Instructions for the task =
Of all the lines below, return only those starting with the line holding "5.8781981513), (-2.2464504808, 5.8299198915))" and going on through the line holding "0.1555641345), (-6.2458230445, -0.8244358655))", exactly as written.

Source data:

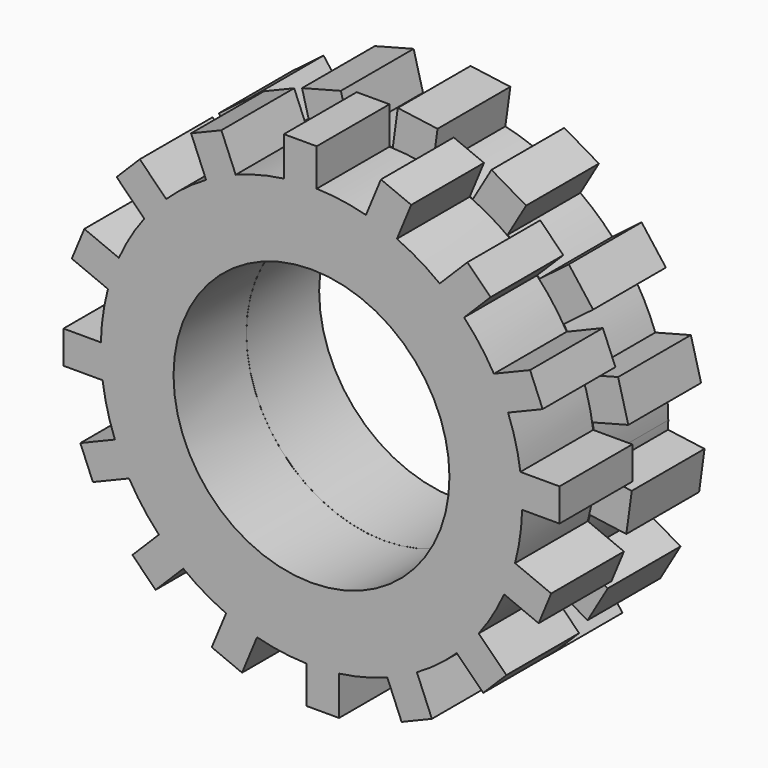
from build123d import *

# Parameters (mm, degrees)
F0_R     = 4.125
F1_DEPTH = 2.72
F2_R     = 4.1231298437
F3_DEPTH = 2.72


with BuildPart() as f1:
    # F0 (on Front) → F1 (new body)
    with BuildSketch(Plane.XZ):
        with BuildLine():
            ThreePointArc((6.2980790564, -0.1555641345), (6.2995197458, -0.0777879971), (6.3, 0))
            ThreePointArc((6.3, 0), (6.2864411705, 0.4131070197), (6.2458230445, 0.8244358655))
            Line((6.2458230445, 0.8244358655), (6.2458230445, -0.1555641345))
            Line((6.2458230445, -0.1555641345), (6.2980790564, -0.1555641345))
        make_face()
        with BuildLine():
            ThreePointArc((6.2458230445, 0.8244358655), (6.2864411705, 0.4131070197), (6.3, 0))
            ThreePointArc((6.3, 0), (6.2995197458, -0.0777879971), (6.2980790564, -0.1555641345))
            Line((6.2980790564, -0.1555641345), (7.4158230445, -0.1555641345))
            Line((7.4158230445, -0.1555641345), (7.4158230445, 0.8244358655))
            Line((7.4158230445, 0.8244358655), (6.2458230445, 0.8244358655))
        make_face()
        with BuildLine():
            Line((6.2458230445, -0.1555641345), (6.2458230445, 0.8244358655))
            ThreePointArc((6.2458230445, 0.8244358655), (6.1047376873, 1.5563347226), (5.8781981513, 2.2664479907))
            Line((5.8781981513, 2.2664479907), (5.8299198915, 2.2464504808))
            Line((5.8299198915, 2.2464504808), (5.4548901278, 3.1518524226))
            ThreePointArc((5.4548901278, 3.1518524226), (5.0444586871, 3.7740477678), (4.5634148636, 4.3434139548))
            Line((4.5634148636, 4.3434139548), (4.5264642833, 4.3064633745))
            Line((4.5264642833, 4.3064633745), (3.8334996377, 4.99942802))
            ThreePointArc((3.8334996377, 4.99942802), (3.21620658, 5.4171962522), (2.5538930305, 5.7591345174))
            Line((2.5538930305, 5.7591345174), (2.5338955205, 5.7108562576))
            Line((2.5338955205, 5.7108562576), (1.6284935786, 6.0858860213))
            ThreePointArc((1.6284935786, 6.0858860213), (0.898316176, 6.2356257142), (0.1555641345, 6.2980790564))
            Line((0.1555641345, 6.2980790564), (0.1555641345, 6.2458230445))
            Line((0.1555641345, 6.2458230445), (-0.8244358655, 6.2458230445))
            ThreePointArc((-0.8244358655, 6.2458230445), (-1.5563347226, 6.1047376873), (-2.2664479907, 5.8781981513))
            Line((-2.2664479907, 5.8781981513), (-2.2464504808, 5.8299198915))
            Line((-2.2464504808, 5.8299198915), (-3.1518524226, 5.4548901278))
            ThreePointArc((-3.1518524226, 5.4548901278), (-3.7740477678, 5.0444586871), (-4.3434139548, 4.5634148636))
            Line((-4.3434139548, 4.5634148636), (-4.3064633745, 4.5264642833))
            Line((-4.3064633745, 4.5264642833), (-4.99942802, 3.8334996377))
            ThreePointArc((-4.99942802, 3.8334996377), (-5.4171962522, 3.21620658), (-5.7591345174, 2.5538930305))
            Line((-5.7591345174, 2.5538930305), (-5.7108562576, 2.5338955205))
            Line((-5.7108562576, 2.5338955205), (-6.0858860213, 1.6284935786))
            ThreePointArc((-6.0858860213, 1.6284935786), (-6.2356257142, 0.898316176), (-6.2980790564, 0.1555641345))
            Line((-6.2980790564, 0.1555641345), (-6.2458230445, 0.1555641345))
            Line((-6.2458230445, 0.1555641345), (-6.2458230445, -0.8244358655))
            ThreePointArc((-6.2458230445, -0.8244358655), (-6.1047376873, -1.5563347226), (-5.8781981513, -2.2664479907))
            Line((-5.8781981513, -2.2664479907), (-5.8299198915, -2.2464504808))
            Line((-5.8299198915, -2.2464504808), (-5.4548901278, -3.1518524226))
            ThreePointArc((-5.4548901278, -3.1518524226), (-5.0444586871, -3.7740477678), (-4.5634148636, -4.3434139548))
            Line((-4.5634148636, -4.3434139548), (-4.5264642833, -4.3064633745))
            Line((-4.5264642833, -4.3064633745), (-3.8334996377, -4.99942802))
            ThreePointArc((-3.8334996377, -4.99942802), (-3.21620658, -5.4171962522), (-2.5538930305, -5.7591345174))
            Line((-2.5538930305, -5.7591345174), (-2.5338955205, -5.7108562576))
            Line((-2.5338955205, -5.7108562576), (-1.6284935786, -6.0858860213))
            ThreePointArc((-1.6284935786, -6.0858860213), (-0.898316176, -6.2356257142), (-0.1555641345, -6.2980790564))
            Line((-0.1555641345, -6.2980790564), (-0.1555641345, -6.2458230445))
            Line((-0.1555641345, -6.2458230445), (0.8054847051, -6.2458230445))
            Line((0.8054847051, -6.2458230445), (0.8244358655, -6.2458230445))
            ThreePointArc((0.8244358655, -6.2458230445), (1.5563347226, -6.1047376873), (2.2664479907, -5.8781981513))
            Line((2.2664479907, -5.8781981513), (2.2464504808, -5.8299198915))
            Line((2.2464504808, -5.8299198915), (3.1518524226, -5.4548901278))
            ThreePointArc((3.1518524226, -5.4548901278), (3.7740477678, -5.0444586871), (4.3434139548, -4.5634148636))
            Line((4.3434139548, -4.5634148636), (4.3064633745, -4.5264642833))
            Line((4.3064633745, -4.5264642833), (4.99942802, -3.8334996377))
            ThreePointArc((4.99942802, -3.8334996377), (5.4171962522, -3.21620658), (5.7591345174, -2.5538930305))
            Line((5.7591345174, -2.5538930305), (5.7108562576, -2.5338955205))
            Line((5.7108562576, -2.5338955205), (6.0858860213, -1.6284935786))
            ThreePointArc((6.0858860213, -1.6284935786), (6.2356257142, -0.898316176), (6.2980790564, -0.1555641345))
            Line((6.2980790564, -0.1555641345), (6.2458230445, -0.1555641345))
        make_face()
        Circle(F0_R, mode=Mode.SUBTRACT)
        with BuildLine():
            Line((5.8299198915, 2.2464504808), (5.8781981513, 2.2664479907))
            ThreePointArc((5.8781981513, 2.2664479907), (5.6838110223, 2.7174054285), (5.4548901278, 3.1518524226))
            Line((5.4548901278, 3.1518524226), (5.8299198915, 2.2464504808))
        make_face()
        with BuildLine():
            ThreePointArc((5.4548901278, 3.1518524226), (5.6838110223, 2.7174054285), (5.8781981513, 2.2664479907))
            Line((5.8781981513, 2.2664479907), (6.9108589445, 2.6941900966))
            Line((6.9108589445, 2.6941900966), (6.5358291808, 3.5995920385))
            Line((6.5358291808, 3.5995920385), (5.4548901278, 3.1518524226))
        make_face()
        with BuildLine():
            Line((7.1668250743, -2.0762331945), (6.0858860213, -1.6284935786))
            ThreePointArc((6.0858860213, -1.6284935786), (5.9405571226, -2.0975655111), (5.7591345174, -2.5538930305))
            Line((5.7591345174, -2.5538930305), (6.7917953106, -2.9816351364))
            Line((6.7917953106, -2.9816351364), (7.1668250743, -2.0762331945))
        make_face()
        with BuildLine():
            ThreePointArc((5.7591345174, -2.5538930305), (5.9405571226, -2.0975655111), (6.0858860213, -1.6284935786))
            Line((6.0858860213, -1.6284935786), (5.7108562576, -2.5338955205))
            Line((5.7108562576, -2.5338955205), (5.7591345174, -2.5538930305))
        make_face()
        with BuildLine():
            Line((4.5264642833, 4.3064633745), (4.5634148636, 4.3434139548))
            ThreePointArc((4.5634148636, 4.3434139548), (4.2112506336, 4.6856555679), (3.8334996377, 4.99942802))
            Line((3.8334996377, 4.99942802), (4.5264642833, 4.3064633745))
        make_face()
        with BuildLine():
            ThreePointArc((3.8334996377, 4.99942802), (4.2112506336, 4.6856555679), (4.5634148636, 4.3434139548))
            Line((4.5634148636, 4.3434139548), (5.3537792173, 5.1337783084))
            Line((5.3537792173, 5.1337783084), (4.6608145717, 5.826742954))
            Line((4.6608145717, 5.826742954), (3.8334996377, 4.99942802))
        make_face()
        with BuildLine():
            Line((5.826742954, -4.6608145717), (4.99942802, -3.8334996377))
            ThreePointArc((4.99942802, -3.8334996377), (4.6856555679, -4.2112506336), (4.3434139548, -4.5634148636))
            Line((4.3434139548, -4.5634148636), (5.1337783084, -5.3537792173))
            Line((5.1337783084, -5.3537792173), (5.826742954, -4.6608145717))
        make_face()
        with BuildLine():
            ThreePointArc((4.3434139548, -4.5634148636), (4.6856555679, -4.2112506336), (4.99942802, -3.8334996377))
            Line((4.99942802, -3.8334996377), (4.3064633745, -4.5264642833))
            Line((4.3064633745, -4.5264642833), (4.3434139548, -4.5634148636))
        make_face()
        with BuildLine():
            Line((2.5338955205, 5.7108562576), (2.5538930305, 5.7591345174))
            ThreePointArc((2.5538930305, 5.7591345174), (2.0975655111, 5.9405571226), (1.6284935786, 6.0858860213))
            Line((1.6284935786, 6.0858860213), (2.5338955205, 5.7108562576))
        make_face()
        with BuildLine():
            ThreePointArc((1.6284935786, 6.0858860213), (2.0975655111, 5.9405571226), (2.5538930305, 5.7591345174))
            Line((2.5538930305, 5.7591345174), (2.9816351364, 6.7917953106))
            Line((2.9816351364, 6.7917953106), (2.0762331945, 7.1668250743))
            Line((2.0762331945, 7.1668250743), (1.6284935786, 6.0858860213))
        make_face()
        with BuildLine():
            Line((3.5995920385, -6.5358291808), (3.1518524226, -5.4548901278))
            ThreePointArc((3.1518524226, -5.4548901278), (2.7174054285, -5.6838110223), (2.2664479907, -5.8781981513))
            Line((2.2664479907, -5.8781981513), (2.6941900966, -6.9108589445))
            Line((2.6941900966, -6.9108589445), (3.5995920385, -6.5358291808))
        make_face()
        with BuildLine():
            ThreePointArc((2.2664479907, -5.8781981513), (2.7174054285, -5.6838110223), (3.1518524226, -5.4548901278))
            Line((3.1518524226, -5.4548901278), (2.2464504808, -5.8299198915))
            Line((2.2464504808, -5.8299198915), (2.2664479907, -5.8781981513))
        make_face()
        with BuildLine():
            Line((0.1555641345, 6.2458230445), (0.1555641345, 6.2980790564))
            ThreePointArc((0.1555641345, 6.2980790564), (-0.335454946, 6.2910627067), (-0.8244358655, 6.2458230445))
            Line((-0.8244358655, 6.2458230445), (0.1555641345, 6.2458230445))
        make_face()
        with BuildLine():
            ThreePointArc((-0.8244358655, 6.2458230445), (-0.335454946, 6.2910627067), (0.1555641345, 6.2980790564))
            Line((0.1555641345, 6.2980790564), (0.1555641345, 7.4158230445))
            Line((0.1555641345, 7.4158230445), (-0.8244358655, 7.4158230445))
            Line((-0.8244358655, 7.4158230445), (-0.8244358655, 6.2458230445))
        make_face()
        with BuildLine():
            Line((0.8244358655, -7.4158230445), (0.8244358655, -6.2458230445))
            ThreePointArc((0.8244358655, -6.2458230445), (0.8141996188, -6.2471656758), (0.8039611857, -6.2484915309))
            ThreePointArc((0.8039611857, -6.2484915309), (0.3251452209, -6.2916039756), (-0.1555641345, -6.2980790564))
            Line((-0.1555641345, -6.2980790564), (-0.1555641345, -7.4158230445))
            Line((-0.1555641345, -7.4158230445), (0.8244358655, -7.4158230445))
        make_face()
        with BuildLine():
            ThreePointArc((0.8039611857, -6.2484915309), (0.8141996188, -6.2471656758), (0.8244358655, -6.2458230445))
            Line((0.8244358655, -6.2458230445), (0.8054847051, -6.2458230445))
            Line((0.8054847051, -6.2458230445), (0.8039611857, -6.2484915309))
        make_face()
        with BuildLine():
            ThreePointArc((-0.1555641345, -6.2980790564), (0.3251452209, -6.2916039756), (0.8039611857, -6.2484915309))
            Line((0.8039611857, -6.2484915309), (0.8054847051, -6.2458230445))
            Line((0.8054847051, -6.2458230445), (-0.1555641345, -6.2458230445))
            Line((-0.1555641345, -6.2458230445), (-0.1555641345, -6.2980790564))
        make_face()
        with BuildLine():
            Line((-2.2464504808, 5.8299198915), (-2.2664479907, 5.8781981513))
            ThreePointArc((-2.2664479907, 5.8781981513), (-2.7174054285, 5.6838110223), (-3.1518524226, 5.4548901278))
            Line((-3.1518524226, 5.4548901278), (-2.2464504808, 5.8299198915))
        make_face()
        with BuildLine():
            ThreePointArc((-3.1518524226, 5.4548901278), (-2.7174054285, 5.6838110223), (-2.2664479907, 5.8781981513))
            Line((-2.2664479907, 5.8781981513), (-2.6941900966, 6.9108589445))
            Line((-2.6941900966, 6.9108589445), (-3.5995920385, 6.5358291808))
            Line((-3.5995920385, 6.5358291808), (-3.1518524226, 5.4548901278))
        make_face()
        with BuildLine():
            Line((-2.0762331945, -7.1668250743), (-1.6284935786, -6.0858860213))
            ThreePointArc((-1.6284935786, -6.0858860213), (-2.0975655111, -5.9405571226), (-2.5538930305, -5.7591345174))
            Line((-2.5538930305, -5.7591345174), (-2.9816351364, -6.7917953106))
            Line((-2.9816351364, -6.7917953106), (-2.0762331945, -7.1668250743))
        make_face()
        with BuildLine():
            ThreePointArc((-2.5538930305, -5.7591345174), (-2.0975655111, -5.9405571226), (-1.6284935786, -6.0858860213))
            Line((-1.6284935786, -6.0858860213), (-2.5338955205, -5.7108562576))
            Line((-2.5338955205, -5.7108562576), (-2.5538930305, -5.7591345174))
        make_face()
        with BuildLine():
            Line((-4.3064633745, 4.5264642833), (-4.3434139548, 4.5634148636))
            ThreePointArc((-4.3434139548, 4.5634148636), (-4.6856555679, 4.2112506336), (-4.99942802, 3.8334996377))
            Line((-4.99942802, 3.8334996377), (-4.3064633745, 4.5264642833))
        make_face()
        with BuildLine():
            ThreePointArc((-4.99942802, 3.8334996377), (-4.6856555679, 4.2112506336), (-4.3434139548, 4.5634148636))
            Line((-4.3434139548, 4.5634148636), (-5.1337783084, 5.3537792173))
            Line((-5.1337783084, 5.3537792173), (-5.826742954, 4.6608145717))
            Line((-5.826742954, 4.6608145717), (-4.99942802, 3.8334996377))
        make_face()
        with BuildLine():
            Line((-4.6608145717, -5.826742954), (-3.8334996377, -4.99942802))
            ThreePointArc((-3.8334996377, -4.99942802), (-4.2112506336, -4.6856555679), (-4.5634148636, -4.3434139548))
            Line((-4.5634148636, -4.3434139548), (-5.3537792173, -5.1337783084))
            Line((-5.3537792173, -5.1337783084), (-4.6608145717, -5.826742954))
        make_face()
        with BuildLine():
            ThreePointArc((-4.5634148636, -4.3434139548), (-4.2112506336, -4.6856555679), (-3.8334996377, -4.99942802))
            Line((-3.8334996377, -4.99942802), (-4.5264642833, -4.3064633745))
            Line((-4.5264642833, -4.3064633745), (-4.5634148636, -4.3434139548))
        make_face()
        with BuildLine():
            Line((-5.7108562576, 2.5338955205), (-5.7591345174, 2.5538930305))
            ThreePointArc((-5.7591345174, 2.5538930305), (-5.9405571226, 2.0975655111), (-6.0858860213, 1.6284935786))
            Line((-6.0858860213, 1.6284935786), (-5.7108562576, 2.5338955205))
        make_face()
        with BuildLine():
            ThreePointArc((-6.0858860213, 1.6284935786), (-5.9405571226, 2.0975655111), (-5.7591345174, 2.5538930305))
            Line((-5.7591345174, 2.5538930305), (-6.7917953106, 2.9816351364))
            Line((-6.7917953106, 2.9816351364), (-7.1668250743, 2.0762331945))
            Line((-7.1668250743, 2.0762331945), (-6.0858860213, 1.6284935786))
        make_face()
        with BuildLine():
            Line((-6.5358291808, -3.5995920385), (-5.4548901278, -3.1518524226))
            ThreePointArc((-5.4548901278, -3.1518524226), (-5.6838110223, -2.7174054285), (-5.8781981513, -2.2664479907))
            Line((-5.8781981513, -2.2664479907), (-6.9108589445, -2.6941900966))
            Line((-6.9108589445, -2.6941900966), (-6.5358291808, -3.5995920385))
        make_face()
        with BuildLine():
            ThreePointArc((-5.8781981513, -2.2664479907), (-5.6838110223, -2.7174054285), (-5.4548901278, -3.1518524226))
            Line((-5.4548901278, -3.1518524226), (-5.8299198915, -2.2464504808))
            Line((-5.8299198915, -2.2464504808), (-5.8781981513, -2.2664479907))
        make_face()
        with BuildLine():
            Line((-6.2458230445, 0.1555641345), (-6.2980790564, 0.1555641345))
            ThreePointArc((-6.2980790564, 0.1555641345), (-6.2910627067, -0.335454946), (-6.2458230445, -0.8244358655))
            Line((-6.2458230445, -0.8244358655), (-6.2458230445, 0.1555641345))
        make_face()
        with BuildLine():
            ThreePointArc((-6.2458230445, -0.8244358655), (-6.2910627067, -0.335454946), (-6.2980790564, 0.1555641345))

Solution for this task =
            Line((-2.2664479907, 5.8781981513), (-2.2464504808, 5.8299198915))
            Line((-2.2464504808, 5.8299198915), (-3.1518524226, 5.4548901278))
            ThreePointArc((-3.1518524226, 5.4548901278), (-3.7740477678, 5.0444586871), (-4.3434139548, 4.5634148636))
            Line((-4.3434139548, 4.5634148636), (-4.3064633745, 4.5264642833))
            Line((-4.3064633745, 4.5264642833), (-4.99942802, 3.8334996377))
            ThreePointArc((-4.99942802, 3.8334996377), (-5.4171962522, 3.21620658), (-5.7591345174, 2.5538930305))
            Line((-5.7591345174, 2.5538930305), (-5.7108562576, 2.5338955205))
            Line((-5.7108562576, 2.5338955205), (-6.0858860213, 1.6284935786))
            ThreePointArc((-6.0858860213, 1.6284935786), (-6.2356257142, 0.898316176), (-6.2980790564, 0.1555641345))
            Line((-6.2980790564, 0.1555641345), (-6.2458230445, 0.1555641345))
            Line((-6.2458230445, 0.1555641345), (-6.2458230445, -0.8244358655))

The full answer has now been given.